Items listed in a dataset
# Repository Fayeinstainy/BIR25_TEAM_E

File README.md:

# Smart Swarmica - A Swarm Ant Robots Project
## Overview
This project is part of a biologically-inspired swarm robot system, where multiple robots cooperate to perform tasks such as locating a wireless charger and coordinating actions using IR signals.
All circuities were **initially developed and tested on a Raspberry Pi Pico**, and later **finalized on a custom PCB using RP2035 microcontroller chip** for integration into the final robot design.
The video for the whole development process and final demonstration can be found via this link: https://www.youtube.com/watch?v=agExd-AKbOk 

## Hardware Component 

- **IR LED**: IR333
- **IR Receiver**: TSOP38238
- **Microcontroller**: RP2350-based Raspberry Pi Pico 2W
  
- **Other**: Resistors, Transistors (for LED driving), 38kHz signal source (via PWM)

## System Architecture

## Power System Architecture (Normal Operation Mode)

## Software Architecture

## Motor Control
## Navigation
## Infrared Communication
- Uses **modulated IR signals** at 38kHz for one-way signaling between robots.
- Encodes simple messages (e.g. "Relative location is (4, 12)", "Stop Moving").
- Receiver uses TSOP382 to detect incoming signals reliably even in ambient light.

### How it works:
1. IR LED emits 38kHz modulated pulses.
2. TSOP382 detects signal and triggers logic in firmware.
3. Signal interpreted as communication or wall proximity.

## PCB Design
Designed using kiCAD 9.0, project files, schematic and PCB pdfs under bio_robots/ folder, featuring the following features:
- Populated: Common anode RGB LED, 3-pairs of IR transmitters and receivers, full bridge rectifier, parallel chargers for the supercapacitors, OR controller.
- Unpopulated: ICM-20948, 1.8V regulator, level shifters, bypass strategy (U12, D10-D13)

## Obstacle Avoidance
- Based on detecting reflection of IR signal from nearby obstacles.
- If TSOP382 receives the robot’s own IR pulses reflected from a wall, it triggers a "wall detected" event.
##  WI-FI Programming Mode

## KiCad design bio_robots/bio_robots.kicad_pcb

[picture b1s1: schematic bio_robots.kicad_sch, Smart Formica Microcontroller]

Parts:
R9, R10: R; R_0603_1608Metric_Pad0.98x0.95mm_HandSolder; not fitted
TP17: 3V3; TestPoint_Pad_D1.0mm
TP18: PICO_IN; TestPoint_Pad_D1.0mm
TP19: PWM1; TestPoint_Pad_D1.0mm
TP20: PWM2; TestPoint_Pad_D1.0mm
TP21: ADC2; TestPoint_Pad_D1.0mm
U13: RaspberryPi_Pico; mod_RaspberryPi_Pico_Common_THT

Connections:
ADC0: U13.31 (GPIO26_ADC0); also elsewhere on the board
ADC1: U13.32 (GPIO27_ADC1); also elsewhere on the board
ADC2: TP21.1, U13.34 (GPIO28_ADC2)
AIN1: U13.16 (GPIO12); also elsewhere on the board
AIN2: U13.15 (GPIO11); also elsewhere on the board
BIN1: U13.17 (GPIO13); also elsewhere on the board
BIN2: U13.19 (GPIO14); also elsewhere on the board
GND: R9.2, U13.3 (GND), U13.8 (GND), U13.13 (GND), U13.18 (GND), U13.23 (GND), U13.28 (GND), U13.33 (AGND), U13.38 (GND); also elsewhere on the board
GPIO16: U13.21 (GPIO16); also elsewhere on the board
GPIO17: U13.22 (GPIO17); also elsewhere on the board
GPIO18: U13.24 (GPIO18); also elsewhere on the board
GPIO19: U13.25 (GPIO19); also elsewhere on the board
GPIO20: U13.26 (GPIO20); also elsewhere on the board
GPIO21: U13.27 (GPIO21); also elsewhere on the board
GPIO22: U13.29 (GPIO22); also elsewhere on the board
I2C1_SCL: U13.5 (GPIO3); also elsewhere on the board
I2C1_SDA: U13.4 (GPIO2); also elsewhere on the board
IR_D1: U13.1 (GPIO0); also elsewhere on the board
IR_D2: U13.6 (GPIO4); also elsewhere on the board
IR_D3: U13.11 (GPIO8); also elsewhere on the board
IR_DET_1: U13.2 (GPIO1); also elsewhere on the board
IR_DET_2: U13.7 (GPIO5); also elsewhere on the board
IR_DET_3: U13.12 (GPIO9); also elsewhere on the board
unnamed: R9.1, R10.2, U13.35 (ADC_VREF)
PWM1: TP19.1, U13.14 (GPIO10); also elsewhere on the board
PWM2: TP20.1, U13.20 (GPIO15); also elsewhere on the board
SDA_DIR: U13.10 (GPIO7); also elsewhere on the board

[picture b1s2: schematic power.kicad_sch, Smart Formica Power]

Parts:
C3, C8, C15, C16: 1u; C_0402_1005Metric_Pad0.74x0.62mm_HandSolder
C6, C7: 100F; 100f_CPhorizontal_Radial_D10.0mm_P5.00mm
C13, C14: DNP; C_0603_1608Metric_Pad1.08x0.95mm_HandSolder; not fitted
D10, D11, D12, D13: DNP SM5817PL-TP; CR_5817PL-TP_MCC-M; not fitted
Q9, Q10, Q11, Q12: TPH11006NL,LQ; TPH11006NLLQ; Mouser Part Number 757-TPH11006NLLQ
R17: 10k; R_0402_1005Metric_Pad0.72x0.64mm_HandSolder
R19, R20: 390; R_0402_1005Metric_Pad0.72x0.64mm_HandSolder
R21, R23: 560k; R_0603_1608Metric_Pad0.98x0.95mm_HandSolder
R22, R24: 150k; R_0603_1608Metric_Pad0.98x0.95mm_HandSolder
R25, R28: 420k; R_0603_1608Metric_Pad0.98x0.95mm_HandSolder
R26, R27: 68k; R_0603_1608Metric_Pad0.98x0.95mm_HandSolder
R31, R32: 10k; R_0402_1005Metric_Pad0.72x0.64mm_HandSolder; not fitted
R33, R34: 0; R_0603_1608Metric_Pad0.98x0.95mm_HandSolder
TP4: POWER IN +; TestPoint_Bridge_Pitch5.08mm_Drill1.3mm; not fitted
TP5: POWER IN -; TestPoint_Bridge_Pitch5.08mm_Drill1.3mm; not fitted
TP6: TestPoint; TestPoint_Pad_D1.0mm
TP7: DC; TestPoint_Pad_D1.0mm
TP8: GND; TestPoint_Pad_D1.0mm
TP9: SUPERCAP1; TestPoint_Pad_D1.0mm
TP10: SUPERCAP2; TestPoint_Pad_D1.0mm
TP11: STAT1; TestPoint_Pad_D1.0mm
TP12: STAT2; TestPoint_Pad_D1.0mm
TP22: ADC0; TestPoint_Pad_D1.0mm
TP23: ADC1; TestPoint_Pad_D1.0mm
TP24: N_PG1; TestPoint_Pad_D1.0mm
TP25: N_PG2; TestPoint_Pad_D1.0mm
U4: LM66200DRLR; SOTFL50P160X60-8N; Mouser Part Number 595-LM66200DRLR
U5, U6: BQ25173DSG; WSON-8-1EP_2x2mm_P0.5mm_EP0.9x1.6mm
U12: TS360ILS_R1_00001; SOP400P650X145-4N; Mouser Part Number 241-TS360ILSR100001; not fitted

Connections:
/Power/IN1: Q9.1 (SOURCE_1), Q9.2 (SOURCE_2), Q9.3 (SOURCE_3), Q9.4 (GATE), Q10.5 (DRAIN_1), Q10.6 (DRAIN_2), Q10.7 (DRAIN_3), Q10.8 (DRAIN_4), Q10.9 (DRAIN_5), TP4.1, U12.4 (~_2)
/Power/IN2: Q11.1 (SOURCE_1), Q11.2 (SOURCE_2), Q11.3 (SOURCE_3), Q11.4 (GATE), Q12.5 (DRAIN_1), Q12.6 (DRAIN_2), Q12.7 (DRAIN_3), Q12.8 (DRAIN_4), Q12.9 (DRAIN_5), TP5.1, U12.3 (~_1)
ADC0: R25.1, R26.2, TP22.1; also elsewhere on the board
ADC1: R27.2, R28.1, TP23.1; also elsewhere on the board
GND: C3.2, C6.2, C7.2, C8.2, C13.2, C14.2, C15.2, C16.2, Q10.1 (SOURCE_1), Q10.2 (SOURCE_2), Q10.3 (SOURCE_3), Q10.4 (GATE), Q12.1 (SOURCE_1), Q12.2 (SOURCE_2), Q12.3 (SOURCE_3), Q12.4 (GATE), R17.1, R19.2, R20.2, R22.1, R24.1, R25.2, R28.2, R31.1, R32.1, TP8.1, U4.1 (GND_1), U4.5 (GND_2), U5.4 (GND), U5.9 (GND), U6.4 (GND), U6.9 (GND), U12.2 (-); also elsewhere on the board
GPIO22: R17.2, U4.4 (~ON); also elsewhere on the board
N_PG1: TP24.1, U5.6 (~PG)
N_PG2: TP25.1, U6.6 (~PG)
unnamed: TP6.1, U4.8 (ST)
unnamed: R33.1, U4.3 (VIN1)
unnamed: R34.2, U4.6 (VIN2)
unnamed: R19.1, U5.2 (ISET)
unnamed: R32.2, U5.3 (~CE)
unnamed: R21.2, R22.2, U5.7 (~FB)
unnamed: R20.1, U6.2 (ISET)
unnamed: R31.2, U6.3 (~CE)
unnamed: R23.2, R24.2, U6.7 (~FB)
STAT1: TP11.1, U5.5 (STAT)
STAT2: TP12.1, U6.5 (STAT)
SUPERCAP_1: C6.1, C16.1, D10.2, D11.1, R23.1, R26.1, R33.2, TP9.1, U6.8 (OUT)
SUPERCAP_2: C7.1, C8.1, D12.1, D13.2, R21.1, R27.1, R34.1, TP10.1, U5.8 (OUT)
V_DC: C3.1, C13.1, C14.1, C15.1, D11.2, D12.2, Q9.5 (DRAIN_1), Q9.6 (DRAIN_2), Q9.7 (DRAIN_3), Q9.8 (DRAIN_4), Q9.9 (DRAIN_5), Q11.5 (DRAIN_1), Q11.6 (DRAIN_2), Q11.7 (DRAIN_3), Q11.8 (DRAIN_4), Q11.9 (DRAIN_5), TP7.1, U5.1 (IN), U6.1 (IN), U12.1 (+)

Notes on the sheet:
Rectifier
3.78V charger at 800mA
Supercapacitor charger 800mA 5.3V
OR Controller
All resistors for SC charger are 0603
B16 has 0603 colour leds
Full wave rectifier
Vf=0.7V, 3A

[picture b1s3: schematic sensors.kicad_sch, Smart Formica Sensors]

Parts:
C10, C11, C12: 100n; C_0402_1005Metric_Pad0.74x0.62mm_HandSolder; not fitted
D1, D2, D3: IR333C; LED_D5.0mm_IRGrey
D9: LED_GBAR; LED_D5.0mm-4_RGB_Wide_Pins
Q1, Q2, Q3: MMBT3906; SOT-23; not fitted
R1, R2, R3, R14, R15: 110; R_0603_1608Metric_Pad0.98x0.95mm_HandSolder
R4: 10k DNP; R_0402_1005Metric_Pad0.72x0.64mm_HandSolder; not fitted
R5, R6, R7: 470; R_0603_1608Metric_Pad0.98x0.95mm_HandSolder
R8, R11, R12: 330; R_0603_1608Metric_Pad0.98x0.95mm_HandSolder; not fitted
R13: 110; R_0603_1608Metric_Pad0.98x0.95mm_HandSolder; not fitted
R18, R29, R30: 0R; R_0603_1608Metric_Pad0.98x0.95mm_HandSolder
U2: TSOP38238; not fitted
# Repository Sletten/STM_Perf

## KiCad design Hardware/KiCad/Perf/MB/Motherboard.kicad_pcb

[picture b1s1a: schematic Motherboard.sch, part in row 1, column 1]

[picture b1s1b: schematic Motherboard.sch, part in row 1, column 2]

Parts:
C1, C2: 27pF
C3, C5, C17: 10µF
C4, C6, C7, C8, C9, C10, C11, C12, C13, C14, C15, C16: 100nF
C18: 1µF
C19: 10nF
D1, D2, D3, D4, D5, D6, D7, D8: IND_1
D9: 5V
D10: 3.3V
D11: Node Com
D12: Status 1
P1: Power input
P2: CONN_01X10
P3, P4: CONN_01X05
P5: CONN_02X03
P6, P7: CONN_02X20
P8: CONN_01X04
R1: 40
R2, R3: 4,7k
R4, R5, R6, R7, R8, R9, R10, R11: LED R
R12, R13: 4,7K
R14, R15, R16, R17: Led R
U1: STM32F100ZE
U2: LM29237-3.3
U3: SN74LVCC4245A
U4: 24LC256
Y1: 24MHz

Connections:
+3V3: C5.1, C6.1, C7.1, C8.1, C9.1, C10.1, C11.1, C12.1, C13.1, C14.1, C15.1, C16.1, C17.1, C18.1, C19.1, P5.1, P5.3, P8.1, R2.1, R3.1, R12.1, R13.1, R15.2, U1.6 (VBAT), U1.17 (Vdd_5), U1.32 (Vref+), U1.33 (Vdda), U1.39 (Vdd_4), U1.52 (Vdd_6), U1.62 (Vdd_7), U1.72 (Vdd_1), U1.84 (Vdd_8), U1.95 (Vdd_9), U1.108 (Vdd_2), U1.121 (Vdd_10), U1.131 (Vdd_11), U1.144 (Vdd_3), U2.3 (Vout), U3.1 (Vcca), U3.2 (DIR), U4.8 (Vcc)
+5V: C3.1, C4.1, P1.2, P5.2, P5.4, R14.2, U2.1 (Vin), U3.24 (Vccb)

EXERCISE ::
Using the entries above, return exactly the lines from the line with "TP8: GND; TestPoint_Pad_D1.0mm" to the line with "U4: LM66200DRLR; SOTFL50P160X60-8N;", counting both of those lines.

OUTPUT OF THE TASK ::
TP8: GND; TestPoint_Pad_D1.0mm
TP9: SUPERCAP1; TestPoint_Pad_D1.0mm
TP10: SUPERCAP2; TestPoint_Pad_D1.0mm
TP11: STAT1; TestPoint_Pad_D1.0mm
TP12: STAT2; TestPoint_Pad_D1.0mm
TP22: ADC0; TestPoint_Pad_D1.0mm
TP23: ADC1; TestPoint_Pad_D1.0mm
TP24: N_PG1; TestPoint_Pad_D1.0mm
TP25: N_PG2; TestPoint_Pad_D1.0mm
U4: LM66200DRLR; SOTFL50P160X60-8N; Mouser Part Number 595-LM66200DRLR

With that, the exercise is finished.